Example: Running MobileNet

  • This page demonstrates compiling and running a TensorFlow Lite ML model on Coral NPU's scalar core and vector engine using scripted examples.

  • The MobileNet V1 model, used for computer vision tasks, is executed using reference kernels from TensorFlow Lite Micro on intermediate layers.

  • The process uses the CoreMini AXI high-memory simulator with real inputs and outputs, reporting simulation metrics like execution cycle count.

  • Prerequisites include working in the Google Coral NPU GitHub repository and completing specific software and programming tutorials.

  • Running the model on the vector execution engine demonstrates optimization and performance comparison to the scalar core example.

The scripted example given here let you compile and run a LiteRT (TensorFlow Lite) ML model on Coral NPU's scalar core. The model executed is MobileNet V1, a convolutional neural network (CNN) architecture designed for image classification, object detection, and other computer vision tasks.

The process uses reference kernels from LiteRT Micro, and intermediate layers of MobileNet are executed.

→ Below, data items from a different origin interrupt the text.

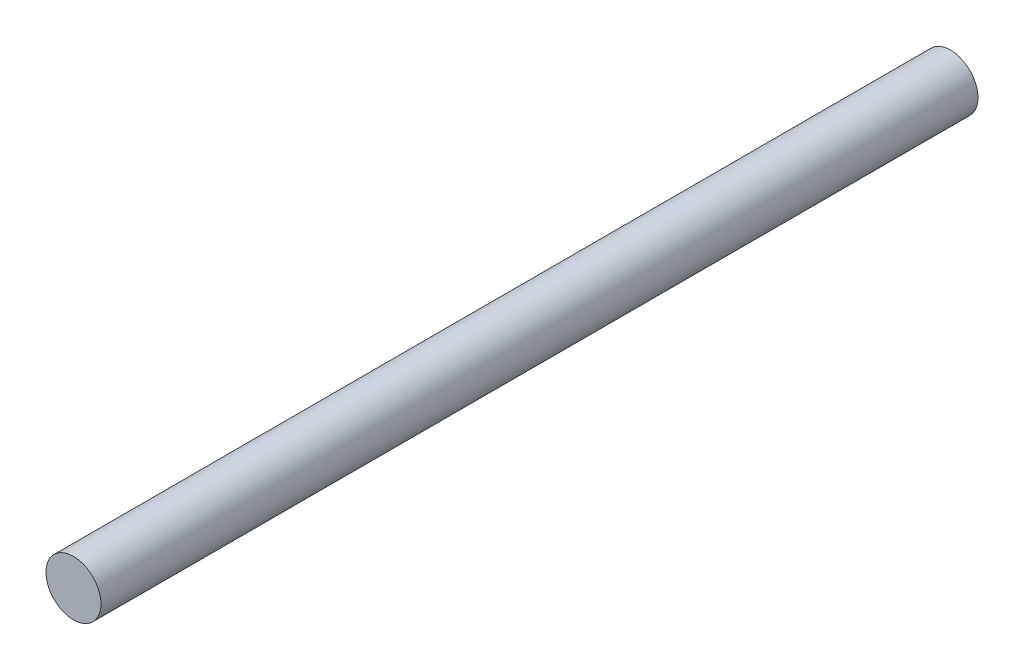
SolidWorks part; units mm, degrees
ref_plane "Front Plane" through (0, 0, 0) normal (0, 0, 1) x (1, 0, 0)
ref_plane "Top Plane" through (0, 0, 0) normal (0, 1, 0) x (1, 0, 0)
ref_plane "Right Plane" through (0, 0, 0) normal (1, 0, 0) x (0, 0, -1)
sketch "Sketch1" plane through (0, 0, 0) normal (0, 0, 1) x (1, 0, 0)
  circle A0 centre (0, 0) radius 2.5
  dimension "D1" = 5
extrude "Boss-Extrude1" add sketch "Sketch1" along normal blind 79.72

The model is run in the core mini AXI high-memory simulator, with real inputs and real outputs. The simulator output reports simulation metrics, notably the execution cycle count for performance assessment.

Prerequisites

This example assumes you are working in the Google Coral NPU repository on GitHub.

Run MobileNet on the scalar core

To run the script, enter the following command:

bazel run -c opt tests/cocotb/tutorial/tfmicro:cocotb_run_mobilenet_v1

The script performs the following sub-tasks, as illustrated in the figure below:

  1. Compiles run_mobilenet.cc using coralnpu_v2_binary.
    1. coralnpu_v2_binary is a bazel rule that composes flags and settings to compile for the coralnpu_v2 platform.
    2. run_mobilenet.cc is a TFMicro inference with reference kernels.
    3. Finds the example rule run_mobilenet_v1_025_partial_binary.
  2. Uses high-memory TCM (tightly-coupled memory) of Coral NPU to:
    1. Run high-memory programs such as ML model inferencing. See this page for information about high-memory TCM.
    2. Add a new data section .extdata.
    3. Memory buffers such as tensor arena, inputs, and outputs can be stored in this data section: (uint8_t tensor_arena[kTensorArenaSize] __attribute__((section(".extdata"), aligned(16), used, retain)))
  3. Runs the cocotb test suite.
    1. When the TFLite inference program is ready, the cocotb_test_suite bazel rule is used to simulate the program with rvv_core_mini_highmem_axi_model.
    2. Run the script cocotb_run_mobilenet_v1.py:
      • Loads run_mobilenet_v1_025_partial_binary.elf.
      • Invokes and executes the program to halt.
      • Reads the memory buffer inference_status in program memory.

example flow

cocotb is a coroutine-based, co-simulation test bench environment for verifying VHDL and SystemVerilog RTL using Python. cocotb is free, open source, and hosted on GitHub.